Within the listing below, the lines to output run from the one containing "Demux1/7 -> CAN bit-packing 1/7" through the one containing "Data Type Conversion17/1 -> Mux3/4"; copy them exactly and nothing else.

*** Opening Material for the task ***

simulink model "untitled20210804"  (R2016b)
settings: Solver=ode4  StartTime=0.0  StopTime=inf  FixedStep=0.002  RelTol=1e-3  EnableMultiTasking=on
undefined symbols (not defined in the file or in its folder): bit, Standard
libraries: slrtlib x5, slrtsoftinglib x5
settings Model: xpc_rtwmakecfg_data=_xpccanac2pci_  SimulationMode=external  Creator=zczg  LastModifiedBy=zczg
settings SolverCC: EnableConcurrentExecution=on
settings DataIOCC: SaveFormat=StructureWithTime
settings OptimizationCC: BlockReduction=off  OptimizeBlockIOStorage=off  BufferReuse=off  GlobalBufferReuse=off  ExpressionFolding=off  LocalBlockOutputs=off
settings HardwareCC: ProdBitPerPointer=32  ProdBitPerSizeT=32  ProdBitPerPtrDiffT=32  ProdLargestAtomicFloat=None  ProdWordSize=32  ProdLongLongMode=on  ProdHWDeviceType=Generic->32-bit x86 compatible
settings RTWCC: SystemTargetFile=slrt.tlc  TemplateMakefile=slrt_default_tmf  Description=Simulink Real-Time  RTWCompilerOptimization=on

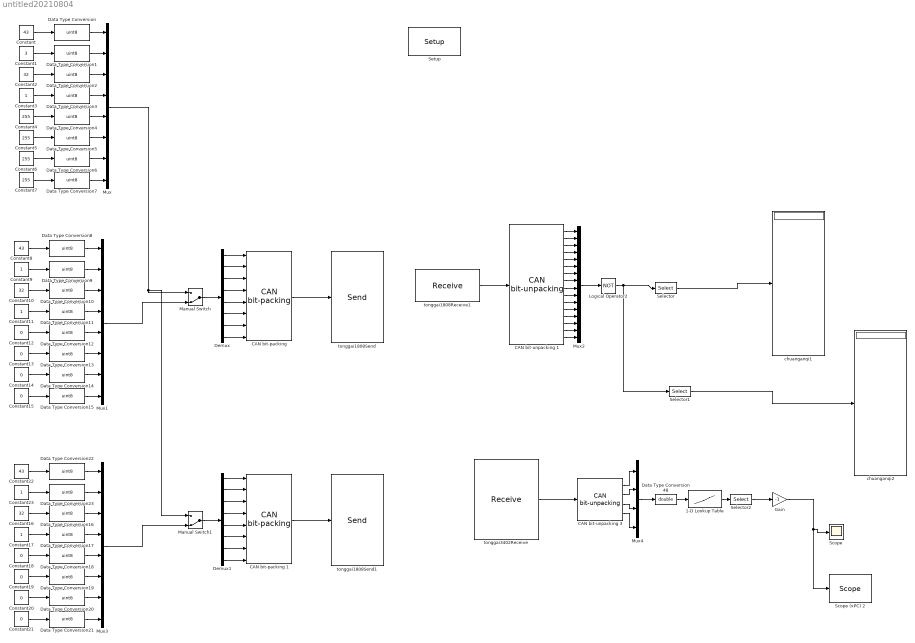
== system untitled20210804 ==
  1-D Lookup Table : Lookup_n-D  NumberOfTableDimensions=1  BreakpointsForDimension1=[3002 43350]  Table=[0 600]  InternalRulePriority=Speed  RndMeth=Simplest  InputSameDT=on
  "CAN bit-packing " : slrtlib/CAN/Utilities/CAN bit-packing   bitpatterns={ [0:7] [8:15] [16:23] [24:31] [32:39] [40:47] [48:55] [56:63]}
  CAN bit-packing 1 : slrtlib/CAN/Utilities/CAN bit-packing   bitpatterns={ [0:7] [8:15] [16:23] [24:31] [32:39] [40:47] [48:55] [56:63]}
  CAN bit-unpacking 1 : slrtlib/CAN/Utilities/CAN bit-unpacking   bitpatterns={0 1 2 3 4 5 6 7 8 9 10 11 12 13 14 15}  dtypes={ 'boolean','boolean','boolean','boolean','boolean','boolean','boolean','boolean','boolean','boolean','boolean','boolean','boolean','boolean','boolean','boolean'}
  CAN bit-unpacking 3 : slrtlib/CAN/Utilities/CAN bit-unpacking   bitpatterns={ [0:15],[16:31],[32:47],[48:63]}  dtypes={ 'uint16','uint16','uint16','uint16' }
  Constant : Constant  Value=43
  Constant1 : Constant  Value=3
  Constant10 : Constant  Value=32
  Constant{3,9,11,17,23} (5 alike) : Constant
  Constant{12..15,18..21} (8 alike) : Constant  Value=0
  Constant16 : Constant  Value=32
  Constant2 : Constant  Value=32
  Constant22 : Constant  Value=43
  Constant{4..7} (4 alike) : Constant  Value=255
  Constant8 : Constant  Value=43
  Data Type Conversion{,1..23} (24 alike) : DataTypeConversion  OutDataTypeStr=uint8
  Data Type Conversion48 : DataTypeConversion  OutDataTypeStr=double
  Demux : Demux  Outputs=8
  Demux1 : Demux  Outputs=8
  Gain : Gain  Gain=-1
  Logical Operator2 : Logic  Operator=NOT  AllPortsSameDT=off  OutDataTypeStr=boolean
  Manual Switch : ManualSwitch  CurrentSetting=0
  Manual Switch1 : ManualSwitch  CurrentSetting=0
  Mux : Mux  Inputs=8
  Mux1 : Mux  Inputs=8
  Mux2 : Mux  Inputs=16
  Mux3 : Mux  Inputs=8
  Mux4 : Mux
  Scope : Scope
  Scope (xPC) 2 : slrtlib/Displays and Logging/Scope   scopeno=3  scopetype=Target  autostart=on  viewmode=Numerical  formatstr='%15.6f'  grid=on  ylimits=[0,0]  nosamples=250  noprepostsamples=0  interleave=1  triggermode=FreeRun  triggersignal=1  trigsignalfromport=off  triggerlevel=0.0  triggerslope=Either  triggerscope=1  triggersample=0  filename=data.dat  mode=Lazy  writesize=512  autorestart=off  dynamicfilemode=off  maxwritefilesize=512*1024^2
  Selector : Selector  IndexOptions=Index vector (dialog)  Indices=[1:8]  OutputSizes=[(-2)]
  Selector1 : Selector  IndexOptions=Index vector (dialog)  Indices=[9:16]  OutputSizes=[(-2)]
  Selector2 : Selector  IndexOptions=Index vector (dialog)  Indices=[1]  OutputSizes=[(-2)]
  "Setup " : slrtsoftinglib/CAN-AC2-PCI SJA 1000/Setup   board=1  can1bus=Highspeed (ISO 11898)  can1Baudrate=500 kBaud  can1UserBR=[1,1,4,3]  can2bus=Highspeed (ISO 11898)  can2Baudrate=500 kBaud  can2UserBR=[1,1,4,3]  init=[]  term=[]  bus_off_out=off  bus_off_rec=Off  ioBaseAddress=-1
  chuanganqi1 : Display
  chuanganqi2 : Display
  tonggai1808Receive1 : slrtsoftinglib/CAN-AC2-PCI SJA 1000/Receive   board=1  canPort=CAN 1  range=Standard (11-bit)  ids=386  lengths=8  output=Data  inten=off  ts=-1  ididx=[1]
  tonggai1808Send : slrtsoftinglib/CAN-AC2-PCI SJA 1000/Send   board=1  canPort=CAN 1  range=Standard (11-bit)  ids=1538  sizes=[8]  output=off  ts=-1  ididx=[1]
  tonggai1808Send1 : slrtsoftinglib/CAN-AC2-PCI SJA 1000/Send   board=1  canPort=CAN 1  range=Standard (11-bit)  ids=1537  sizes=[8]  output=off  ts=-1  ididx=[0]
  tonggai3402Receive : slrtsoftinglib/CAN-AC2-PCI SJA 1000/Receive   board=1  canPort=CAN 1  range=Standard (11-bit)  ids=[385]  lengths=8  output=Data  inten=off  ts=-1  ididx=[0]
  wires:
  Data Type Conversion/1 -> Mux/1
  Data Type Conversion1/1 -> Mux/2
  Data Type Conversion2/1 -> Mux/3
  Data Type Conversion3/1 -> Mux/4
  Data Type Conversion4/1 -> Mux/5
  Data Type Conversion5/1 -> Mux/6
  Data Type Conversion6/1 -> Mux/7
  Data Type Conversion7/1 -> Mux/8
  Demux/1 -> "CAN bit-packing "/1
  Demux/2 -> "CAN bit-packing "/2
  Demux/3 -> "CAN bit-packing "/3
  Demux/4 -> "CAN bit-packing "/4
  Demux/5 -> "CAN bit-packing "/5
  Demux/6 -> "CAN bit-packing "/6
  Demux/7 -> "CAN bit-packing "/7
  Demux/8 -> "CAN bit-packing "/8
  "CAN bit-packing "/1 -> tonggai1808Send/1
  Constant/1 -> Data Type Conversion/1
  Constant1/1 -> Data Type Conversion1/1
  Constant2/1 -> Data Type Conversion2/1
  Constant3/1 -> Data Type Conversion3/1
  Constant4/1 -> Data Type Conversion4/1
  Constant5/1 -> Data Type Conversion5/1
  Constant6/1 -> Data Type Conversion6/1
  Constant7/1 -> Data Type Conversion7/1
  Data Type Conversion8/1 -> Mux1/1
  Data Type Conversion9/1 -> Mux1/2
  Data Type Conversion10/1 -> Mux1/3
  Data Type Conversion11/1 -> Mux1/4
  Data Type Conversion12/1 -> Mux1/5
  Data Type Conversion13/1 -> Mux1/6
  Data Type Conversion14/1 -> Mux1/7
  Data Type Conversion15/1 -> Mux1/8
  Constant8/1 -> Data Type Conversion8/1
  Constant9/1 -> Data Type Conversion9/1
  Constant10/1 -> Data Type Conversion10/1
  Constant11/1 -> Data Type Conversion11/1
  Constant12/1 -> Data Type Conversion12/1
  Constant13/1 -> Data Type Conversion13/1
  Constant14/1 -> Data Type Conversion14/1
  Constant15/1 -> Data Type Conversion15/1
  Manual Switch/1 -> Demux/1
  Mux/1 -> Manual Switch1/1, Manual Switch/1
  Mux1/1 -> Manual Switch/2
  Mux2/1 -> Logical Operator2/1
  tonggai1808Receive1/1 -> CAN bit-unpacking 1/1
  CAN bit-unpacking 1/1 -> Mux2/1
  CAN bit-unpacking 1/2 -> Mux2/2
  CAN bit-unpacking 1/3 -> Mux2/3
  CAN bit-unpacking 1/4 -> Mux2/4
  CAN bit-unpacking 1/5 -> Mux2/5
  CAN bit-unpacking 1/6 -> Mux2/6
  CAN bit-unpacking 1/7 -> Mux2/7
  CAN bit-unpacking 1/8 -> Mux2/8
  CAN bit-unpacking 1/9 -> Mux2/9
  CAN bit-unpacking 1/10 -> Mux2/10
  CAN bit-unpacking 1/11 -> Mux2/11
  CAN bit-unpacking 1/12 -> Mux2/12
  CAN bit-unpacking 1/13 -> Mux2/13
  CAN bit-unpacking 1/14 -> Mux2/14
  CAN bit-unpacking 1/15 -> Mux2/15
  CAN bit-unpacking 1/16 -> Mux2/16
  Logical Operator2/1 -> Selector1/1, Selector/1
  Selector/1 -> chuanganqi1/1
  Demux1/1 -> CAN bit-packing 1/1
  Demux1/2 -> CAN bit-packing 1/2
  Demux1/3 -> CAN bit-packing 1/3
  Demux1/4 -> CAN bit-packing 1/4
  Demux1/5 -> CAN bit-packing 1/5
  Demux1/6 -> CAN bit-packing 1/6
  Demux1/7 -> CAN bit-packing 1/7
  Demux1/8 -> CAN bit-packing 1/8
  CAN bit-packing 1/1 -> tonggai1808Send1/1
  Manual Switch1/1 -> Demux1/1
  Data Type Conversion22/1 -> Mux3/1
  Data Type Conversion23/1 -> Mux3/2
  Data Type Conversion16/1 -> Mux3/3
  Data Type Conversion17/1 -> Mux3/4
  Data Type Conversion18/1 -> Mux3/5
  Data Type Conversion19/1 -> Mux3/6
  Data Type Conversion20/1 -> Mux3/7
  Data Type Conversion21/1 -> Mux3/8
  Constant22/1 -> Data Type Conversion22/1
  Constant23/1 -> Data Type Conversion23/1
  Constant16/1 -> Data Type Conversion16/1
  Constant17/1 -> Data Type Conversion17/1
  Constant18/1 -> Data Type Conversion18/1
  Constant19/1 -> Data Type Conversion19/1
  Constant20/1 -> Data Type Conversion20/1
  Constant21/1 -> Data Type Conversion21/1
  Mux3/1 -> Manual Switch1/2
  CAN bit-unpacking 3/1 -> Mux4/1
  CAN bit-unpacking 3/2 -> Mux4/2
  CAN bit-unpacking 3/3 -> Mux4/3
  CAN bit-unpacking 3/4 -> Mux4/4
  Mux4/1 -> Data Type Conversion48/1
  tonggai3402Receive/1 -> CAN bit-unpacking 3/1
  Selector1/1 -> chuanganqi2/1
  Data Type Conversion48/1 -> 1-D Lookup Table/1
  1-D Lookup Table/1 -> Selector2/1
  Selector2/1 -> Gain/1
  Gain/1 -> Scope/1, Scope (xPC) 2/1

*** Closing Material for the task ***

Response to this task:
  Demux1/7 -> CAN bit-packing 1/7
  Demux1/8 -> CAN bit-packing 1/8
  CAN bit-packing 1/1 -> tonggai1808Send1/1
  Manual Switch1/1 -> Demux1/1
  Data Type Conversion22/1 -> Mux3/1
  Data Type Conversion23/1 -> Mux3/2
  Data Type Conversion16/1 -> Mux3/3
  Data Type Conversion17/1 -> Mux3/4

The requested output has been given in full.